The index_item_template
is the simplest way to do index rendering: it’s a Jingoo template applied to every item. We could also supply a complete template for rendering the entire list of entries, of write an external rendering script, but let’s stick with the basics for now.
Thus we need to update the site/index.html
page:
The index_selector = "#blog-index"
option means soupault will check if a page has an element with id="blog-index"
. If it does, rendered index will be inserted inside that element.
<h1>Welcome to my blog!</h1>
<p>It’s still under construction, remember to check again later.</p>
<div id="blog-index">
<!-- blog index will be inserted here -->
</div>
Now it’s time to build our site. We’ll use soupault --debug
, since debug output includes the index metadata:
$ soupault --debug
[DEBUG] Widget processing order: insert-sakura-css
[INFO] Processing page site/my-first-post.md
[INFO] Calling preprocessor pandoc -f commonmark+smart -t html on page site/my-first-post.md
[INFO] Using the default template for page site/my-first-post.md
[INFO] Processing widget insert-sakura-css on page site/my-first-post.md
[INFO] Processing page site/index.html
[INFO] Using the default template for page site/index.html
[INFO] Inserting section index
[INFO] Rendering index view "blog" on page site/index.html
[INFO] Generating section index
[DEBUG] Index data (pretty-printed): [
{
"url": "/my-first-post",
"page_file": "site/my-first-post.md",
"nav_path": [],
"excerpt": "This is my first post in the brand new soupault blog. It’s really interesting, except for its\nintroductory paragraph of course. That one is boring and should never be displayed on the front page.",
"date": "1970-01-01",
"title": "My first post"
}
]
And let’s look at the front page.
→ Install a plugin
Soupault is extensible with Lua plugins. You can find a selection in the /plugins section.
For demonstration we’ll install the Quick Links plugin. If you used another SSG before, you may be familiar with “shortcodes”—template tags that allow you to easily insert snippets of HTML code, e.g. {{wikipedia|page=Blog}}
.
That plugin is conceptually similar, but it uses ‘fake’ HTML elements instead of template tags and translates them to real valid HTML.
First, create a plugins/
directory (if you haven’t created it already) and download the plugin:
$ mkdir plugins/
$ wget https://soupault.app/files/plugins/quick-links.lua -O plugins/quick-links.lua
Since we have plugin discovery enabled in [settings]
, soupault will automatically find a new quick-links
widget based on the quick-links.lua
file name. We still need to add it to the config to activate it, and we can also set the default Wikipedia language there.

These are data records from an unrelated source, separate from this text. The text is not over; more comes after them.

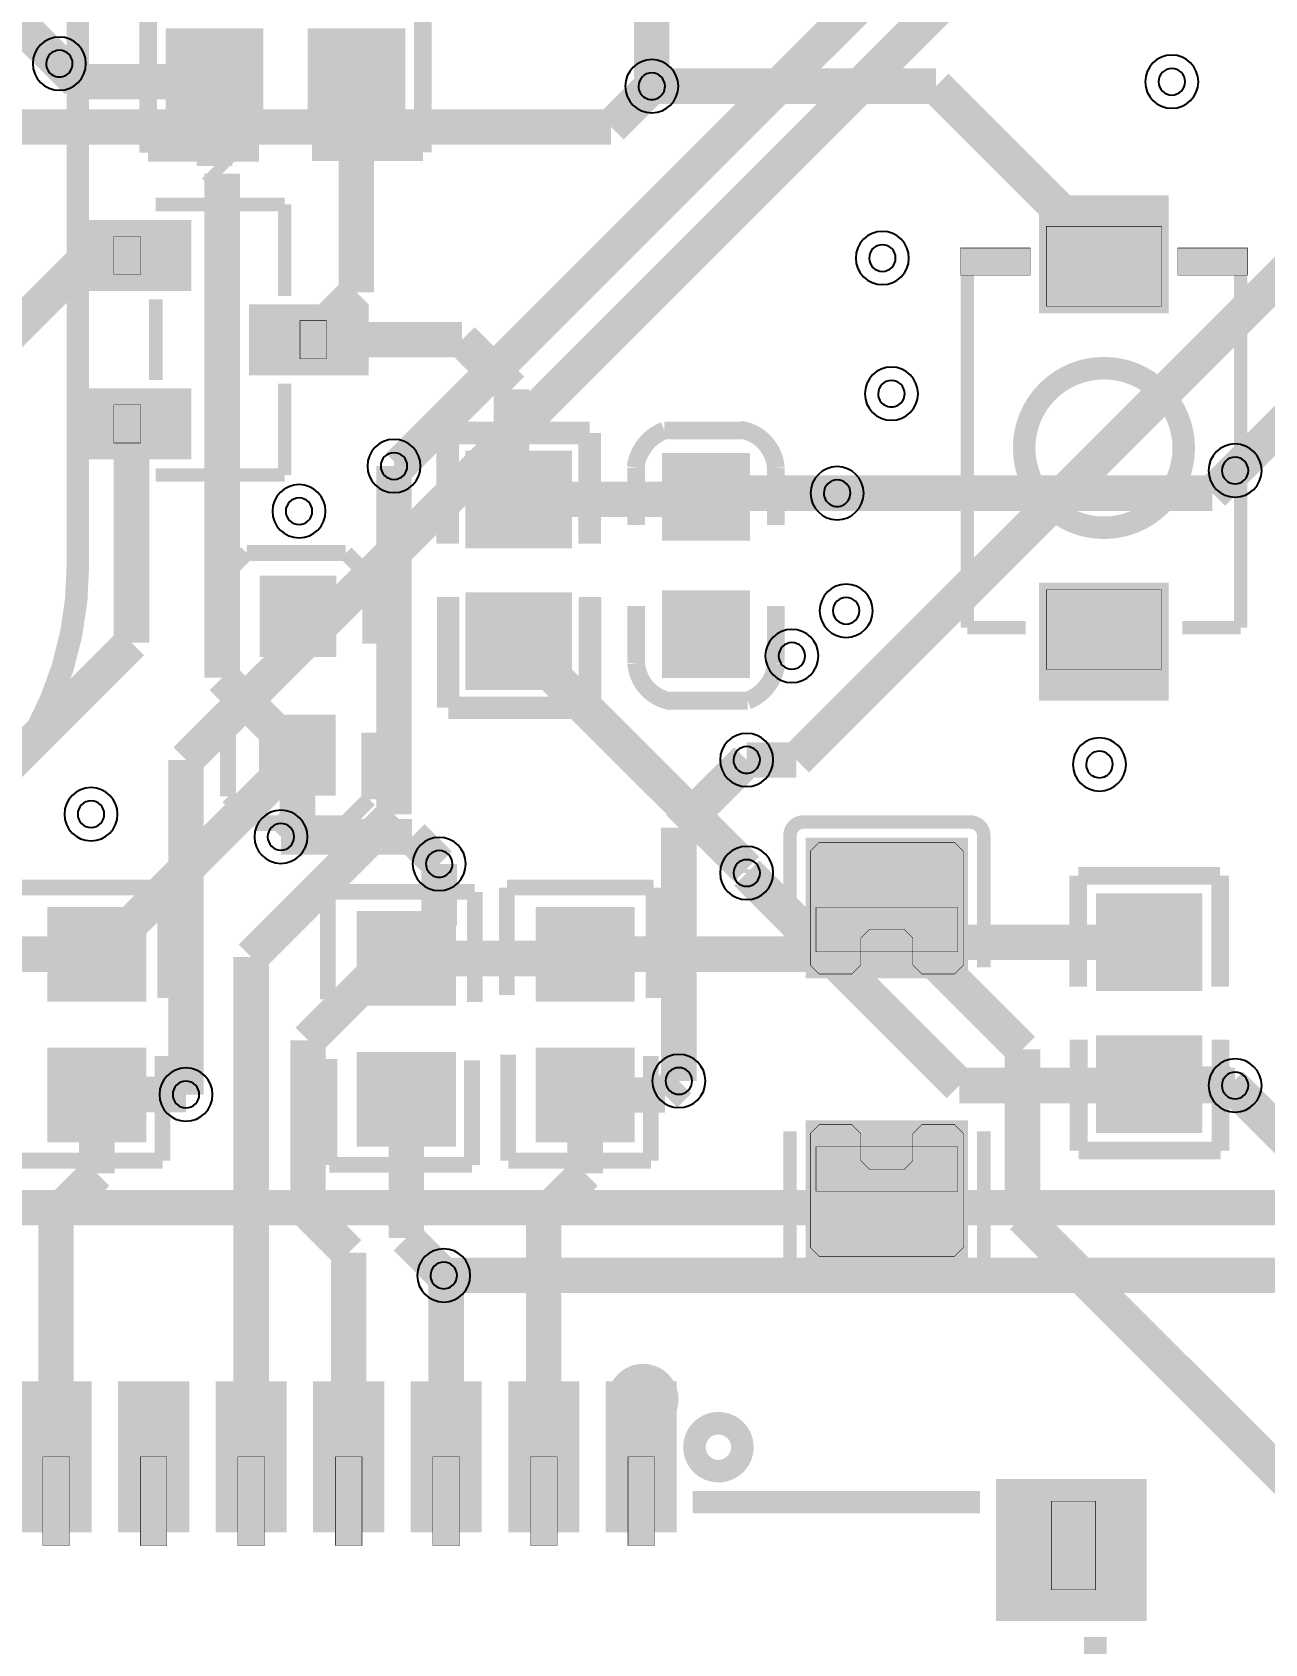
# Model space of a CAD drawing. Header units: millimetres. Extents: x 0 to 135, y -1 to 106.
# Drawn here: x 101.18 to 115.08, y 12.46 to 30.64 of the extents above; entities that cross this region are included whole.
import ezdxf

# ---------------------------------------------------------------- set-up
doc = ezdxf.new("R2010")
doc.units = ezdxf.units.MM
doc.header["$MEASUREMENT"] = 0
for name, color, linetype, true_color in [('Bottom-Layer', 7, 'Continuous', 0x0000ff), ('Document-Layer', 7, 'Continuous', 0x6464ff), ('Hole-Layer', 7, 'Continuous', 0x222222), ('Multi-Layer', 7, 'Continuous', 0xc0c0c0), ('Pin-Soldering-Layer', 7, 'Continuous', 0xcc9999), ('Top-Layer', 7, 'Continuous', 0xff0000), ('Top-Paste-Mask-Layer', 7, 'Continuous', 0x808080), ('Top-Silkscreen-Layer', 7, 'Continuous', 0xffcc00), ('Top-Solder-Mask-Layer', 7, 'Continuous', 0x800080)]:
    doc.layers.add(name, color=color, linetype=linetype, true_color=true_color)

msp = doc.modelspace()

# ---------------------------------------------------------------- hatches: boundary and pattern name
at = {"layer": 'Pin-Soldering-Layer'}
for points in [[(112.61492252984505, 28.452316484632888), (113.91494792989579, 28.452316484632888), (113.91494792989579, 27.552316484632854), (112.61492252984505, 27.552316484632854)], [(102.39781051562102, 28.338087376174656), (102.39781051562102, 27.908064516128945), (102.097810515621, 27.908064516128945), (102.097810515621, 28.338087376174656)], [(104.49781051562104, 27.388125476250877), (104.49781051562104, 26.95810261620511), (104.19781051562103, 26.95810261620511), (104.19781051562103, 27.388125476250877)], [(102.39781051562102, 26.4381635763271), (102.39781051562102, 26.00814071628139), (102.097810515621, 26.00814071628139), (102.097810515621, 26.4381635763271)], [(112.61492252984505, 23.452316484632888), (113.91494792989579, 23.452316484632888), (113.91494792989579, 24.352316484632922), (112.61492252984505, 24.352316484632922)], [(111.6168986537973, 20.76921513843024), (110.01689865379728, 20.76921513843024), (110.01689865379728, 20.26921513843024), (111.6168986537973, 20.26921513843024)], [(111.6168986537973, 17.569215138430252), (110.01689865379728, 17.569215138430252), (110.01689865379728, 18.069215138430252), (111.6168986537973, 18.069215138430252)], [(101.2968224536449, 14.571871983743904), (101.59684785369569, 14.571871983743904), (101.59684785369569, 13.57187198374396), (101.2968224536449, 13.57187198374396)], [(102.39689865379728, 14.571871983743904), (102.69692405384808, 14.571871983743904), (102.69692405384808, 13.57187198374396), (102.39689865379728, 13.57187198374396)], [(103.49672085344173, 14.571871983743904), (103.79674625349253, 14.571871983743904), (103.79674625349253, 13.57187198374396), (103.49672085344173, 13.57187198374396)], [(104.59679705359406, 14.571871983743904), (104.89682245364486, 14.571871983743904), (104.89682245364486, 13.57187198374396), (104.59679705359406, 13.57187198374396)], [(105.69687325374645, 14.571871983743904), (105.9968986537973, 14.571871983743904), (105.9968986537973, 13.57187198374396), (105.69687325374645, 13.57187198374396)], [(106.79694945389889, 14.571871983743904), (107.09697485394969, 14.571871983743904), (107.09697485394969, 13.57187198374396), (106.79694945389889, 13.57187198374396)], [(107.89677165354328, 14.571871983743904), (108.19679705359408, 14.571871983743904), (108.19679705359408, 13.57187198374396), (107.89677165354328, 13.57187198374396)], [(112.6718288036576, 13.071821183642328), (112.6718288036576, 14.071821183642328), (113.17185420370839, 14.071821183642328), (113.17185420370839, 13.071821183642328)]]:
    msp.add_hatch(color=256, dxfattribs=at).paths.add_polyline_path(points)
at = {"layer": 'Top-Layer'}
for points in [[(103.73384810769613, 30.63339090678187), (103.73384810769613, 29.533365506731002), (102.73384810769619, 29.533365506731002), (102.73384810769619, 30.63339090678187)], [(105.33364490728985, 30.63339090678187), (105.33364490728985, 29.533365506731002), (104.33364490728985, 29.533365506731002), (104.33364490728985, 30.63339090678187)], [(113.94493268986542, 27.52223012446018), (112.58493776987558, 27.52223012446018), (112.58493776987558, 28.752227584455113), (113.94493268986542, 28.752227584455113)], [(102.92281686563365, 28.473075946151766), (102.92281686563365, 27.77307594615172), (101.67280416560828, 27.77307594615172), (101.67280416560828, 28.473075946151766)], [(104.92281686563365, 27.523114046228102), (104.92281686563365, 26.823114046228056), (103.67280416560823, 26.823114046228056), (103.67280416560823, 27.523114046228102)], [(102.92281686563365, 26.573152146304153), (102.92281686563365, 25.873152146304164), (101.67280416560828, 25.873152146304164), (101.67280416560828, 26.573152146304153)], [(107.21387350774705, 24.872024384048757), (106.11384810769619, 24.872024384048757), (106.11384810769619, 25.872024384048757), (107.21387350774705, 25.872024384048757)], [(109.22136906273806, 24.956497332994616), (108.33236728473452, 24.956497332994616), (108.33236728473452, 25.845499110998162), (109.22136906273806, 25.845499110998162)], [(103.79351028702058, 24.45980949961887), (104.55551181102362, 24.45980949961887), (104.55551181102362, 23.647007874015685), (103.79351028702058, 23.647007874015685)], [(113.94493268986525, 23.152405384810663), (112.58493776987547, 23.152405384810663), (112.58493776987547, 24.382402844805597), (113.94493268986525, 24.382402844805597)], [(107.21387350774705, 23.27202438404879), (106.11384810769619, 23.27202438404879), (106.11384810769619, 24.27202438404879), (107.21387350774705, 24.27202438404879)], [(109.22136906273818, 23.407094234188435), (108.33236728473463, 23.407094234188435), (108.33236728473463, 24.29609601219198), (109.22136906273818, 24.29609601219198)], [(103.78820167640339, 22.893464566929083), (104.55020320040643, 22.893464566929083), (104.55020320040643, 22.08066294132584), (103.78820167640339, 22.08066294132584)], [(111.68089408178815, 20.01929133858266), (109.95290322580644, 20.01929133858266), (109.95290322580644, 21.504305308610583), (111.68089408178815, 21.504305308610583)], [(101.398382016764, 20.72464820929639), (102.41438404876811, 20.72464820929639), (102.41438404876811, 19.759446278892483), (101.398382016764, 19.759446278892483)], [(106.90646431292856, 20.724648209296333), (107.92246634493262, 20.724648209296333), (107.92246634493262, 19.759446278892426), (106.90646431292856, 19.759446278892426)], [(114.32495554991112, 19.877170434340826), (113.22493014986026, 19.877170434340826), (113.22493014986026, 20.877170434340826), (114.32495554991112, 20.877170434340826)], [(104.88840995681994, 20.676868173736295), (105.904411988824, 20.676868173736295), (105.904411988824, 19.711666243332388), (104.88840995681994, 19.711666243332388)], [(114.32495554991118, 18.277373634747278), (113.22493014986031, 18.277373634747278), (113.22493014986031, 19.27737363474722), (114.32495554991118, 19.27737363474722)], [(101.398382016764, 19.13714503429003), (102.41438404876811, 19.13714503429003), (102.41438404876811, 18.17194310388612), (101.398382016764, 18.17194310388612)], [(104.88840995681994, 19.089364998729934), (105.904411988824, 19.089364998729934), (105.904411988824, 18.124163068326027), (104.88840995681994, 18.124163068326027)], [(106.90646431292856, 19.137145034289972), (107.92246634493262, 19.137145034289972), (107.92246634493262, 18.171943103886065), (106.90646431292856, 18.171943103886065)], [(111.68089408178815, 16.83412496824991), (109.95290322580644, 16.83412496824991), (109.95290322580644, 18.319138938277888), (111.68089408178815, 18.319138938277888)], [(101.09683515367027, 13.771821183642317), (101.09683515367027, 15.37182118364234), (101.79683515367032, 15.37182118364234), (101.79683515367032, 13.771821183642317)], [(102.19691135382266, 13.771821183642317), (102.19691135382266, 15.37182118364234), (102.8969113538227, 15.37182118364234), (102.8969113538227, 13.771821183642317)], [(103.2967335534671, 13.771821183642317), (103.2967335534671, 15.37182118364234), (103.9967335534671, 15.37182118364234), (103.9967335534671, 13.771821183642317)], [(104.3968097536195, 13.771821183642317), (104.3968097536195, 15.37182118364234), (105.09680975361948, 15.37182118364234), (105.09680975361948, 13.771821183642317)], [(105.49688595377182, 13.771821183642317), (105.49688595377182, 15.37182118364234), (106.19688595377187, 15.37182118364234), (106.19688595377187, 13.771821183642317)], [(106.59696215392427, 13.771821183642317), (106.59696215392427, 15.37182118364234), (107.29696215392431, 15.37182118364234), (107.29696215392431, 13.771821183642317)], [(107.69678435356866, 13.771821183642317), (107.69678435356866, 15.37182118364234), (108.3967843535687, 15.37182118364234), (108.3967843535687, 13.771821183642317)], [(112.09692405384811, 12.771783083566163), (112.09692405384811, 14.271783083566106), (113.69692405384808, 14.271783083566106), (113.69692405384808, 12.771783083566163)]]:
    msp.add_hatch(color=256, dxfattribs=at).paths.add_polyline_path(points)
at = {"layer": 'Top-Paste-Mask-Layer'}
for points in [[(103.73384810769613, 30.63339090678187), (103.73384810769613, 29.533365506731002), (102.73384810769619, 29.533365506731002), (102.73384810769619, 30.63339090678187)], [(105.33364490728985, 30.63339090678187), (105.33364490728985, 29.533365506731002), (104.33364490728985, 29.533365506731002), (104.33364490728985, 30.63339090678187)], [(113.94493268986542, 27.52223012446018), (112.58493776987558, 27.52223012446018), (112.58493776987558, 28.752227584455113), (113.94493268986542, 28.752227584455113)], [(102.92281686563365, 28.473075946151766), (102.92281686563365, 27.77307594615172), (101.67280416560828, 27.77307594615172), (101.67280416560828, 28.473075946151766)], [(104.92281686563365, 27.523114046228102), (104.92281686563365, 26.823114046228056), (103.67280416560823, 26.823114046228056), (103.67280416560823, 27.523114046228102)], [(102.92281686563365, 26.573152146304153), (102.92281686563365, 25.873152146304164), (101.67280416560828, 25.873152146304164), (101.67280416560828, 26.573152146304153)], [(107.21387350774705, 24.872024384048757), (106.11384810769619, 24.872024384048757), (106.11384810769619, 25.872024384048757), (107.21387350774705, 25.872024384048757)], [(109.22136906273806, 24.956497332994616), (108.33236728473452, 24.956497332994616), (108.33236728473452, 25.845499110998162), (109.22136906273806, 25.845499110998162)], [(103.79351028702058, 24.45980949961887), (104.55551181102362, 24.45980949961887), (104.55551181102362, 23.647007874015685), (103.79351028702058, 23.647007874015685)], [(113.94493268986525, 23.152405384810663), (112.58493776987547, 23.152405384810663), (112.58493776987547, 24.382402844805597), (113.94493268986525, 24.382402844805597)], [(107.21387350774705, 23.27202438404879), (106.11384810769619, 23.27202438404879), (106.11384810769619, 24.27202438404879), (107.21387350774705, 24.27202438404879)], [(109.22136906273818, 23.407094234188435), (108.33236728473463, 23.407094234188435), (108.33236728473463, 24.29609601219198), (109.22136906273818, 24.29609601219198)], [(103.78820167640339, 22.893464566929083), (104.55020320040643, 22.893464566929083), (104.55020320040643, 22.08066294132584), (103.78820167640339, 22.08066294132584)], [(111.58090678181355, 20.019227838455663), (111.21065024130047, 20.019227838455663), (111.1106502413005, 20.11922783845563), (111.1106502413005, 20.424130048260054), (111.01065024130048, 20.524130048260076), (110.62314706629411, 20.524130048260076), (110.52314706629409, 20.424130048260054), (110.52314706629409, 20.11922783845563), (110.42314706629412, 20.019227838455663), (110.05289052578104, 20.019227838455663), (109.95289052578107, 20.11922783845563), (109.95289052578107, 21.404216408432774), (110.05289052578104, 21.504216408432796), (111.58090678181355, 21.504216408432796), (111.68090678181352, 21.404216408432774), (111.68090678181352, 20.11922783845563)], [(101.398382016764, 20.72464820929639), (102.41438404876811, 20.72464820929639), (102.41438404876811, 19.759446278892483), (101.398382016764, 19.759446278892483)], [(106.90646431292856, 20.724648209296333), (107.92246634493262, 20.724648209296333), (107.92246634493262, 19.759446278892426), (106.90646431292856, 19.759446278892426)], [(114.32495554991112, 19.877170434340826), (113.22493014986026, 19.877170434340826), (113.22493014986026, 20.877170434340826), (114.32495554991112, 20.877170434340826)], [(104.88840995681994, 20.676868173736295), (105.904411988824, 20.676868173736295), (105.904411988824, 19.711666243332388), (104.88840995681994, 19.711666243332388)], [(114.32495554991118, 18.277373634747278), (113.22493014986031, 18.277373634747278), (113.22493014986031, 19.27737363474722), (114.32495554991118, 19.27737363474722)], [(101.398382016764, 19.13714503429003), (102.41438404876811, 19.13714503429003), (102.41438404876811, 18.17194310388612), (101.398382016764, 18.17194310388612)], [(104.88840995681994, 19.089364998729934), (105.904411988824, 19.089364998729934), (105.904411988824, 18.124163068326027), (104.88840995681994, 18.124163068326027)], [(106.90646431292856, 19.137145034289972), (107.92246634493262, 19.137145034289972), (107.92246634493262, 18.171943103886065), (106.90646431292856, 18.171943103886065)], [(111.58090678181355, 18.31920243840483), (111.21065024130047, 18.31920243840483), (111.1106502413005, 18.219202438404864), (111.1106502413005, 17.91430022860044), (111.01065024130048, 17.814300228600416), (110.62314706629411, 17.814300228600416), (110.52314706629409, 17.91430022860044), (110.52314706629409, 18.219202438404864), (110.42314706629412, 18.31920243840483), (110.05289052578104, 18.31920243840483), (109.95289052578107, 18.219202438404864), (109.95289052578107, 16.93421386842772), (110.05289052578104, 16.834213868427696), (111.58090678181355, 16.834213868427696), (111.68090678181352, 16.93421386842772), (111.68090678181352, 18.219202438404864)], [(101.09683515367027, 13.771821183642317), (101.09683515367027, 15.37182118364234), (101.79683515367032, 15.37182118364234), (101.79683515367032, 13.771821183642317)], [(102.19691135382266, 13.771821183642317), (102.19691135382266, 15.37182118364234), (102.8969113538227, 15.37182118364234), (102.8969113538227, 13.771821183642317)], [(103.2967335534671, 13.771821183642317), (103.2967335534671, 15.37182118364234), (103.9967335534671, 15.37182118364234), (103.9967335534671, 13.771821183642317)], [(104.3968097536195, 13.771821183642317), (104.3968097536195, 15.37182118364234), (105.09680975361948, 15.37182118364234), (105.09680975361948, 13.771821183642317)], [(105.49688595377182, 13.771821183642317), (105.49688595377182, 15.37182118364234), (106.19688595377187, 15.37182118364234), (106.19688595377187, 13.771821183642317)], [(106.59696215392427, 13.771821183642317), (106.59696215392427, 15.37182118364234), (107.29696215392431, 15.37182118364234), (107.29696215392431, 13.771821183642317)], [(107.69678435356866, 13.771821183642317), (107.69678435356866, 15.37182118364234), (108.3967843535687, 15.37182118364234), (108.3967843535687, 13.771821183642317)], [(112.09692405384811, 12.771783083566163), (112.09692405384811, 14.271783083566106), (113.69692405384808, 14.271783083566106), (113.69692405384808, 12.771783083566163)]]:
    msp.add_hatch(color=256, dxfattribs=at).paths.add_polyline_path(points)
at = {"layer": 'Top-Silkscreen-Layer'}
for points in [[(111.64753619507235, 27.9023291846583), (112.4325247650495, 27.9023291846583), (112.4325247650495, 28.20712979425946), (111.64753619507235, 28.20712979425946)], [(114.88233426466849, 27.9023291846583), (114.09734569469134, 27.9023291846583), (114.09734569469134, 28.20712979425946), (114.88233426466849, 28.20712979425946)]]:
    msp.add_hatch(color=256, dxfattribs=at).paths.add_polyline_path(points)
at = {"layer": 'Top-Solder-Mask-Layer'}
for points in [[(103.78484886969767, 30.68439166878335), (103.78484886969767, 29.482364744729523), (102.6828473456946, 29.482364744729523), (102.6828473456946, 30.68439166878335)], [(105.38464566929139, 30.68439166878335), (105.38464566929139, 29.482364744729523), (104.28264414528832, 29.482364744729523), (104.28264414528832, 30.68439166878335)], [(113.99593345186696, 27.471229362458644), (112.53393700787404, 27.471229362458644), (112.53393700787404, 28.80322834645665), (113.99593345186696, 28.80322834645665)], [(102.97381762763524, 28.524076708153245), (102.97381762763524, 27.722075184150242), (101.62180340360675, 27.722075184150242), (101.62180340360675, 28.524076708153245)], [(104.97381762763519, 27.57411480822958), (104.97381762763519, 26.772113284226577), (103.62180340360669, 26.772113284226577), (103.62180340360669, 27.57411480822958)], [(102.97381762763524, 26.624152908305632), (102.97381762763524, 25.82215138430263), (101.62180340360675, 25.82215138430263), (101.62180340360675, 26.624152908305632)], [(107.26487426974853, 24.82102362204722), (106.0628473456947, 24.82102362204722), (106.0628473456947, 25.923025146050293), (107.26487426974853, 25.923025146050293)], [(109.2723698247396, 24.90549657099308), (108.28136652273292, 24.90549657099308), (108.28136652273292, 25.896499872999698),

Add this to your soupault.toml
:
[widgets.quick-links]
widget = "quick-links"
wikipedia_default_language = "en"
Now let’s update out site/index.html
page to use the <wikipedia>
tag:
<h1>Welcome to my <wikipedia>blog</wikipedia>!</h1>
<p>It’s still under construction, remember to check again later.</p>
<div id="blog-index"> </div>
When you build the site, you will see messages about the new widget in the logs.
$ soupault
[INFO] Processing page site/my-first-post.md
[INFO] Calling preprocessor pandoc -f commonmark+smart -t html on page site/my-first-post.md
[INFO] Using the default template for page site/my-first-post.md
[INFO] Processing widget quick-links on page site/my-first-post.md
[INFO] Processing widget insert-sakura-css on page site/my-first-post.md
[INFO] Processing page site/index.html
[INFO] Using the default template for page site/index.html
[INFO] Inserting section index
[INFO] Rendering index view "blog" on page site/index.html
[INFO] Generating section index
[INFO] Processing widget quick-links on page site/index.html
[INFO] Processing widget insert-sakura-css on page site/index.html
→ What’s next?
There are many more things you can do with soupault: dump the metadata to JSON; specify dependencies between widgets and use one widget’s output as another’s input; you can generate tables of contents and footnotes in a highly flexible way… And you can write your own Lua plugins to manipulate pages in completely arbitrary ways.
Consult the reference manual for details.